The business has grown substantially from turnover of $30m to now close to $100.
“It’s important to get the staff right and we were lucky enough to partner with the right people in different countries.
“So in Ireland, we have a business called Engage Hub, which now has its own management team and has completed a partial management buyout and it deals with some very nice customers such as Bank of Ireland and Sainsbury’s. While I’m a director of it, I have limited input into the day to day management, which frees me up to do other things, like assist in Ukraine, because we’ve put the right people in place that are now taking those businesses forward.”
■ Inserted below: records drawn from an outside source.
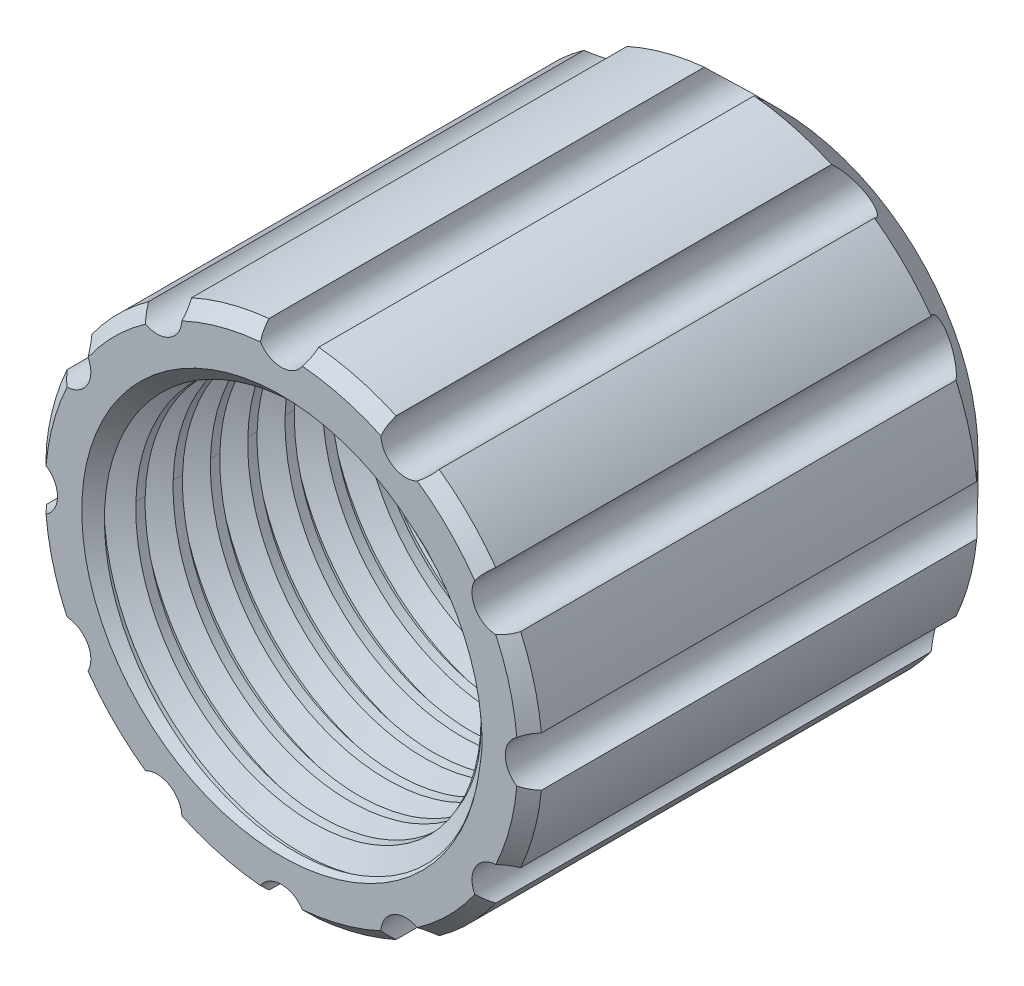
SolidWorks part; units mm, degrees
ref_plane "Front" through (0, 0, 0) normal (0, 0, 1) x (1, 0, 0)
ref_plane "Top" through (0, 0, 0) normal (0, 1, 0) x (1, 0, 0)
ref_plane "Right" through (0, 0, 0) normal (1, 0, 0) x (0, 0, -1)
other "Configuration Table"
sketch "Sketch1" plane through (0, 0, 0) normal (0, 0, 1) x (1, 0, 0)
  circle A0 centre (0, 0) radius 10
  dimension "D1" = 20
extrude "Boss-Extrude1" add sketch "Sketch1" along normal blind 20
sketch "Sketch2" plane through (0, 0, 20) normal (0, 0, 1) x (1, 0, 0)
  circle A0 centre (0, 0) radius 7.75
  dimension "D1" = 15.5
chamfer "Chamfer1" distance 2 angle 45 1 edges at (10, 0, 0)
chamfer "Chamfer3" distance 0.5 angle 45 1 edges at (10, 0, 20)
sketch "Sketch6" plane through (0, 0, 20) normal (0, 0, 1) x (1, 0, 0)
  circle A0 centre (0, 10) radius 1
  circle A1 centre (0, 0) radius 10 construction
  circle A2 centre (5, 8.6603) radius 1
  circle A3 centre (8.6603, 5) radius 1
  circle A4 centre (10, 0) radius 1
  circle A5 centre (8.6603, -5) radius 1
  circle A6 centre (5, -8.6603) radius 1
  circle A7 centre (0, -10) radius 1
  circle A8 centre (-5, -8.6603) radius 1
  circle A9 centre (-8.6603, -5) radius 1
  circle A10 centre (-10, 0) radius 1
  circle A11 centre (-8.6603, 5) radius 1
  circle A12 centre (-5, 8.6603) radius 1
  point P29 (0, 0)
  dimension "D1" = 2
  dimension "D2" = 12
extrude "Cut-Extrude2" cut sketch "Sketch6" against normal through all
hole_wizard "M16x1.5 Tapped Hole1" positions "Sketch7" profile "Sketch9" tap size "M16x1.5" standard "ANSI Metric" end condition through all
sketch "Sketch7" plane through (0, 0, 20) normal (0, 0, 1) x (1, 0, 0)
  point P0 (0, 0)
sketch "Sketch9" plane through (0, 0, 20) normal (1, 0, 0) x (0, -1, 0)
  line L0 (0, 0) -> (0, 20)
  line L1 (0, 20) -> (7.25, 20)
  line L2 (7.25, 20) -> (7.25, 0.775)
  line L3 (7.25, 0.775) -> (8.025, 0)
  line L5 (8.025, 0) -> (0, 0)
  line L6 (-7.25, 0.775) -> (-8.025, 0) construction
  line L11 (0, -6.35) -> (0, 107.95) construction
  dimension "Thru Tap Drill Dia." = 14.5
  dimension "Thru Tap Drill Depth" = 20
  dimension "Near C'Sink Dia." = 16.05
  dimension "Near C'Sink Angle" = 90
thread "Thread1" pitch 1.5 method cut profile "Thread Profile1" start angle 0, offset 2, length 15, pitch 1.5, diameter 14.5
ref_plane "Plane1" through (-7.25, 0, 21.225) normal (0, -1, 0) x (-1, 0, 0)
sketch "Thread Profile1" plane through (-7.25, 0, 21.225) normal (0, -1, 0) x (-1, 0, 0)
  line L0 (0, 0) -> (0, 1.5) construction
  line L1 (0, 0) -> (0.8119, 0.4687)
  line L2 (0.8119, 0.4687) -> (0.8119, 0.6562)
  line L3 (0.8119, 0.6562) -> (0, 1.125)
  line L4 (0.8119, 0.5625) -> (0, 0.5625) construction
  line L11 (0, 0) -> (0, 1.125)
  point P2 (0, 0)
  dimension "Pitch" = 1.5
  dimension "Profile_Angle" = 60
  dimension "Profile_Land" = 0.1875
  dimension "Profile_Height" = 0.8119
sketch "Sketch13" plane through (0, 0, 0) normal (0, 0, -1) x (-1, 0, 0)
  circle A0 centre (0, 0) radius 7.25
extrude "Boss-Extrude2" add sketch "Sketch13" against normal blind 3
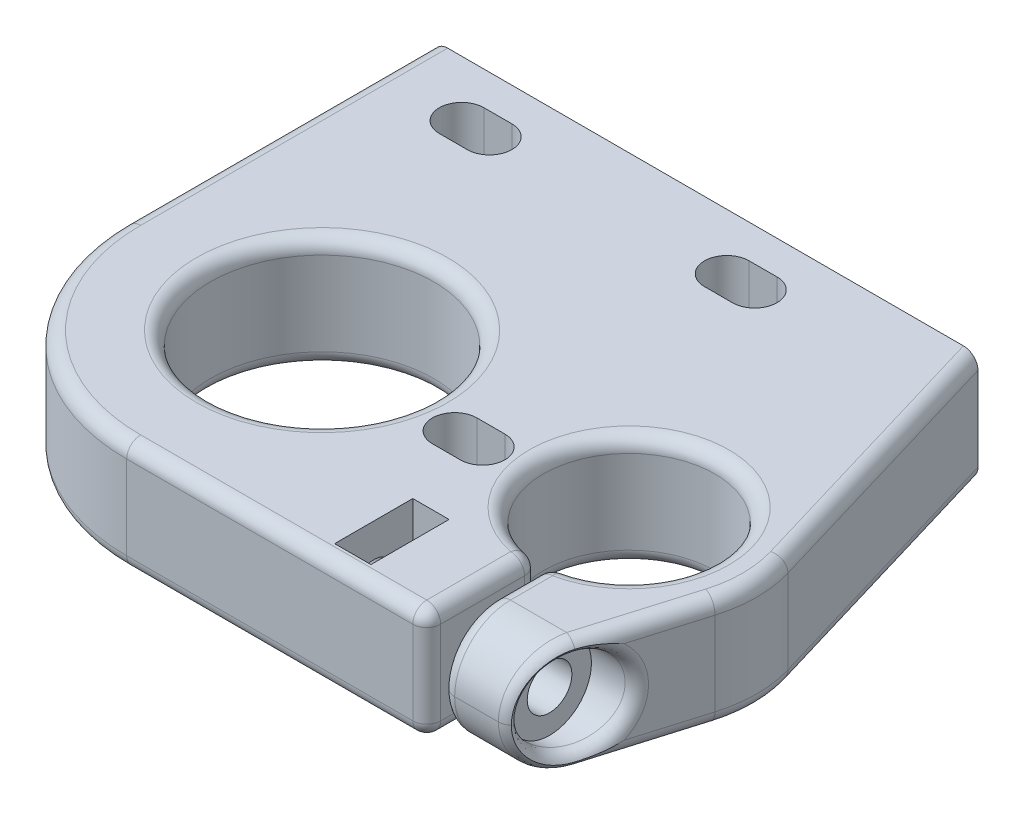
SolidWorks part; units mm, degrees
ref_plane "Спереди" through (0, 0, 0) normal (0, 0, 1) x (1, 0, 0)
ref_plane "Сверху" through (0, 0, 0) normal (0, 1, 0) x (1, 0, 0)
ref_plane "Справа" through (0, 0, 0) normal (1, 0, 0) x (0, 0, -1)
sketch "Эскиз1" plane through (0, 0, 0) normal (0, 1, 0) x (1, 0, 0)
  line L0 (36, 16) -> (36, -8.0974) construction
  line L1 (0, 36) -> (39, 36)
  line L2 (14, 0) -> (35.5, 0)
  line L3 (-36.7265, 14) -> (56.2728, 14) construction
  line L4 (39, 36) -> (44.77, 16.6097)
  line L5 (35.5, 7.8704) -> (35.5, 0)
  line L6 (41.3805, 0) -> (44.77, 11.3903)
  line L7 (0, 36) -> (0, 14)
  line L8 (36.5, 7.8704) -> (36.5, 0)
  line L9 (36.5, 0) -> (41.3805, 0)
  line L10 (-5.3449, 4) -> (57.1159, 4) construction
  line L11 (14, 14) -> (14, 39.9763) construction
  line L12 (27.7, 1.2) -> (30.3, 1.2)
  line L13 (27.7, 1.2) -> (27.7, 6.8)
  line L14 (27.7, 6.8) -> (30.3, 6.8)
  line L15 (30.3, 1.2) -> (30.3, 6.8)
  line L16 (27.7, 1.2) -> (30.3, 6.8) construction
  line L17 (27.7, 6.8) -> (30.3, 1.2) construction
  line L18 (22, 14) -> (29.85, 14) construction
  line L19 (14, 9.5488) -> (14, 43.7619) construction
  line L20 (-5.2679, 32) -> (49.731, 32) construction
  line L21 (25, 32) -> (27, 32) construction
  line L22 (25, 33.6) -> (27, 33.6)
  line L23 (25, 30.4) -> (27, 30.4)
  line L24 (6, 32) -> (8, 32) construction
  line L25 (25, 12.5) -> (27, 12.5) construction
  line L26 (25, 14.1) -> (27, 14.1)
  line L27 (25, 10.9) -> (27, 10.9)
  line L28 (6, 33.6) -> (8, 33.6)
  line L29 (6, 30.4) -> (8, 30.4)
  circle A0 centre (14, 14) radius 8
  arc A1 (36.5, 7.8704) -> (35.5, 7.8704) centre (36, 14) ccw
  arc A2 (44.77, 11.3903) -> (44.77, 16.6097) centre (36, 14) ccw
  circle A3 centre (36, 14) radius 9.15 construction
  arc A4 (0, 14) -> (14, 0) centre (14, 14) ccw
  circle A5 centre (36, 14) radius 6.15 construction
  arc A6 (25, 33.6) -> (25, 30.4) centre (25, 32) ccw
  arc A7 (27, 30.4) -> (27, 33.6) centre (27, 32) ccw
  arc A8 (6, 33.6) -> (6, 30.4) centre (6, 32) ccw
  arc A9 (25, 14.1) -> (25, 10.9) centre (25, 12.5) ccw
  arc A10 (8, 30.4) -> (8, 33.6) centre (8, 32) ccw
  arc A11 (27, 10.9) -> (27, 14.1) centre (27, 12.5) ccw
  point P23 (29, 4)
  point P37 (26, 12.5)
  point P40 (26, 32)
  point P48 (7, 32)
  point P56 (0, 0)
  point P57 (7.0914, 33.8617)
  point P59 (0, 0)
  point P60 (0, 0)
  dimension "D4" = 39
  dimension "D5" = 0.5
  dimension "D8" = 3
  dimension "D6" = 16
  dimension "D7" = 12.3
  dimension "D16" = 19
  dimension "D24" = 13
  dimension "D23" = 23.5
  dimension "D22" = 1.6
  dimension "D1" = 22
  dimension "D2" = 22
  dimension "D3" = 14
  dimension "D9" = 0.5
  dimension "D10" = 4
  dimension "D11" = 15
  dimension "D12" = 5.6
  dimension "D13" = 2.6
  dimension "D14" = 0
  dimension "D15" = 4
  dimension "D21" = 2
extrude "Бобышка-Вытянуть1" add sketch "Эскиз1" along normal blind 8
sketch "Эскиз2" plane through (27.7, 0, 0) normal (1, 0, 0) x (0, 0, -1)
  line L0 (4, 0) -> (4, 8) construction
  line L1 (6.8, 0) -> (1.2, 0) construction
  line L2 (6.8, 8) -> (1.2, 8) construction
  line L3 (1.2, 4) -> (6.8, 4) construction
  line L4 (1.2, 8) -> (1.2, 0) construction
  line L5 (6.8, 8) -> (6.8, 0) construction
  circle A0 centre (4, 4) radius 1.6
  circle A1 centre (4, 4) radius 3
  dimension "D1" = 3.2
  dimension "D2" = 6
extrude "Вырез-Вытянуть1" cut sketch "Эскиз2" along normal through all from offset 3 contours A0 region at (27.7, 4, -4) offset against normal yes
extrude "Вырез-Вытянуть2" cut sketch "Эскиз2<3>" along normal through all from offset 12.6 contours A1
sketch "Эскиз2<3>" plane through (27.7, 0, 0) normal (1, 0, 0) x (0, 0, -1) same geometry as "Эскиз2"
fillet "Скругление2" radius 4 2 edges at (38.9403, 0, 0) (38.9403, 8, 0)
fillet "Скругление3" radius 1 28 edges at (0, 8, -25) (4.1005, 8, -4.1005) (0, 0, -25) (4.1005, 0, -4.1005) (24.75, 8, 0) (24.75, 0, 0) (41.885, 0, -26.3048) (45.15, 0, -14) (43.6704, 0, -7.6952) (41.7292, 1.1716, -1.1716) (41.7292, 6.8284, -1.1716) (43.6704, 8, -7.6952) (41.885, 8, -26.3048) (36.5, 0, -5.9352) (36.5, 1.1716, -1.1716) (36.5, 6.8284, -1.1716) (14, 0, -6) (41.6781, 4, -1) (45.15, 8, -14) (36.5, 4, -7.8704) (35.5, 4, -7.8704) (35.5, 0, -3.9352) (35.5, 4, 0) (36.5, 8, -5.9352) (35.5, 8, -3.9352) (36, 0, -20.15) (36, 8, -20.15) (14, 8, -6)
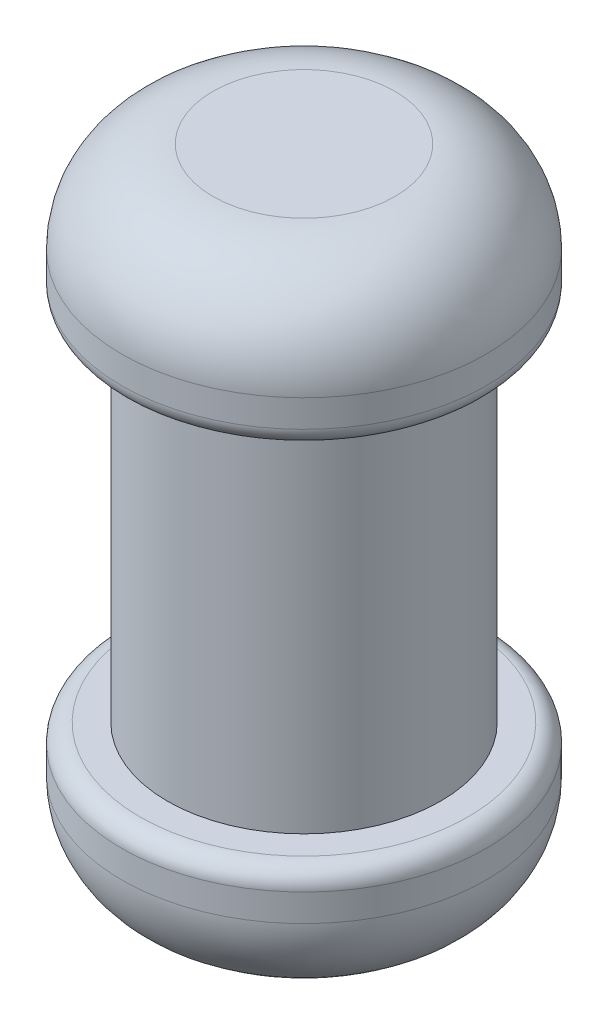
SolidWorks part; units mm, degrees
ref_plane "Front Plane" through (0, 0, 0) normal (0, 0, 1) x (1, 0, 0)
ref_plane "Top Plane" through (0, 0, 0) normal (0, 1, 0) x (1, 0, 0)
ref_plane "Right Plane" through (0, 0, 0) normal (1, 0, 0) x (0, 0, -1)
sketch "Sketch1" plane through (0, 0, 0) normal (0, 1, 0) x (1, 0, 0)
  circle A0 centre (0, 0) radius 1.5
  dimension "D1" = 3
extrude "Boss-Extrude1" add sketch "Sketch1" along normal blind 2
sketch "Sketch2" plane through (0, 2, 0) normal (0, 1, 0) x (1, 0, 0)
  circle A0 centre (0, 0) radius 2
extrude "Boss-Extrude2" add sketch "Sketch2" along normal blind 1.5
fillet "Fillet1" radius 1 1 edges at (0, 3.5, 2)
fillet "Fillet2" radius 0.2 1 edges at (0, 2, 2)
mirror "Mirror2" about plane through (0, 0, 0) normal (0, 1, 0) of "Fillet1", "Fillet2", "Boss-Extrude2", "Boss-Extrude1"
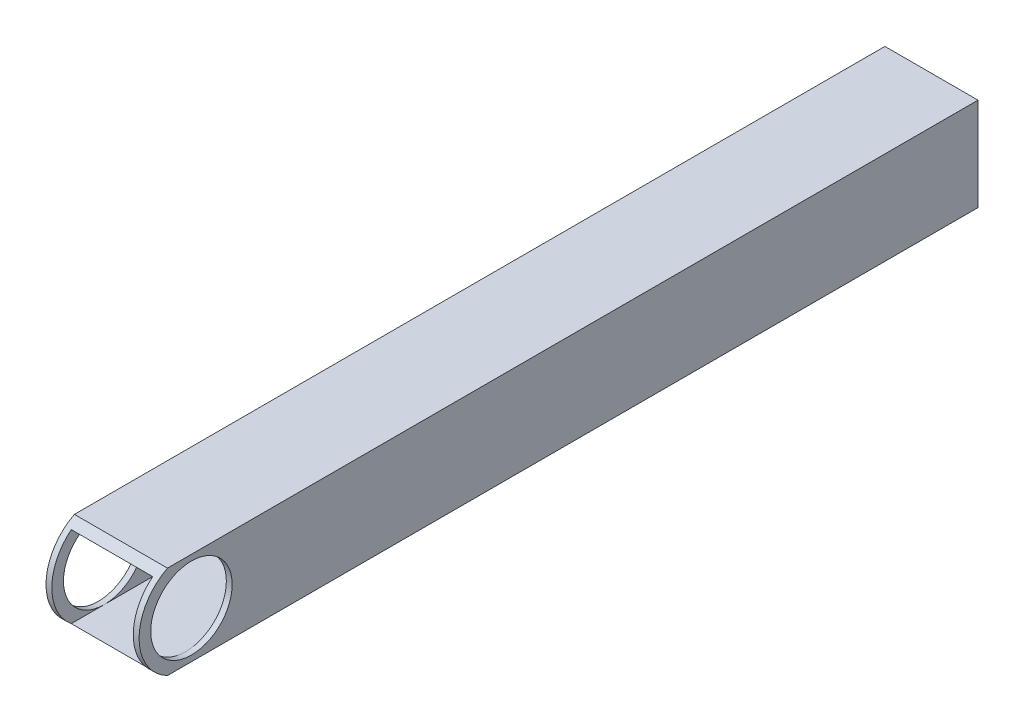
SolidWorks part; units mm, degrees
material "6061 Alloy"
ref_plane "Front Plane" through (0, 0, 0) normal (0, 0, 1) x (1, 0, 0)
ref_plane "Top Plane" through (0, 0, 0) normal (0, 1, 0) x (1, 0, 0)
ref_plane "Right Plane" through (0, 0, 0) normal (1, 0, 0) x (0, 0, -1)
sketch "Sketch1" plane through (0, 0, 0) normal (0, 0, 1) x (1, 0, 0)
  line L1 (12.7, -12.7) -> (-12.7, -12.7)
  line L2 (12.7, -12.7) -> (12.7, 12.7)
  line L3 (12.7, 12.7) -> (-12.7, 12.7)
  line L4 (-12.7, -12.7) -> (-12.7, 12.7)
  line L5 (12.7, -12.7) -> (-12.7, 12.7) construction
  line L6 (12.7, 12.7) -> (-12.7, -12.7) construction
  point P0 (0, 0)
  dimension "D1" = 25.4
extrude "Extrude-Thin1" add sketch "Sketch1" along normal mid plane 233.68 thin thin type one direction reverse wall 1.5875
sketch "Sketch2" plane through (12.7, 0, 0) normal (1, 0, 0) x (0, 0, -1)
  line L0 (-116.84, -12.7) -> (-116.84, 12.7) construction
  line L1 (-116.84, -12.7) -> (116.84, -12.7) construction
  circle A0 centre (-97.79, 0) radius 11.1125
  dimension "D1" = 22.225
  dimension "D2" = 19.05
  dimension "D3" = 12.7
extrude "Cut-Extrude1" cut sketch "Sketch2" against normal through all
sketch "Sketch3" plane through (12.7, 0, 0) normal (1, 0, 0) x (0, 0, -1)
  line L0 (-97.79, 14.2875) -> (-116.84, 14.2875)
  line L3 (-116.84, 14.2875) -> (-116.84, -12.7)
  line L4 (-116.84, -12.7) -> (-104.3354, -12.7)
  arc A0 (-97.79, 14.2875) -> (-104.3354, -12.7) centre (-97.79, 0) ccw
  circle A1 centre (-97.79, 0) radius 11.1125 construction
  dimension "D1" = 3.175
extrude "Cut-Extrude2" cut sketch "Sketch3" against normal through all

Leahy’s businessman’s eye has spotted an opportunity to use the efficiencies and structure developed in Ukraine to provide humanitarian support in other parts of the world such as Mozambique.
“We’ve figured out how to do this at a low cost and scale it significantly. Myself and Norman are mere volunteers, we don’t take salaries and we pay all of our own expenses, flights, accommodation. So we can keep the costs tight and we can scale it because of the partnerships we’ve put in place.
“I also look to leverage other global Irish or global companies that have infrastructure in place. Again it’s low cost for them because we do all of the work in bringing aid to Ukraine but piggybacking off their existing infrastructure.”
One4Humanity was able to leverage this kind of infrastructure to provide food distribution in northern Kenya where there has been a drought.
Leahy’s ambition is replicate this approach. “Looking further afield we are looking to put the same model in place and we look to put a low-cost, efficient distribution mechanism in place to assist there.”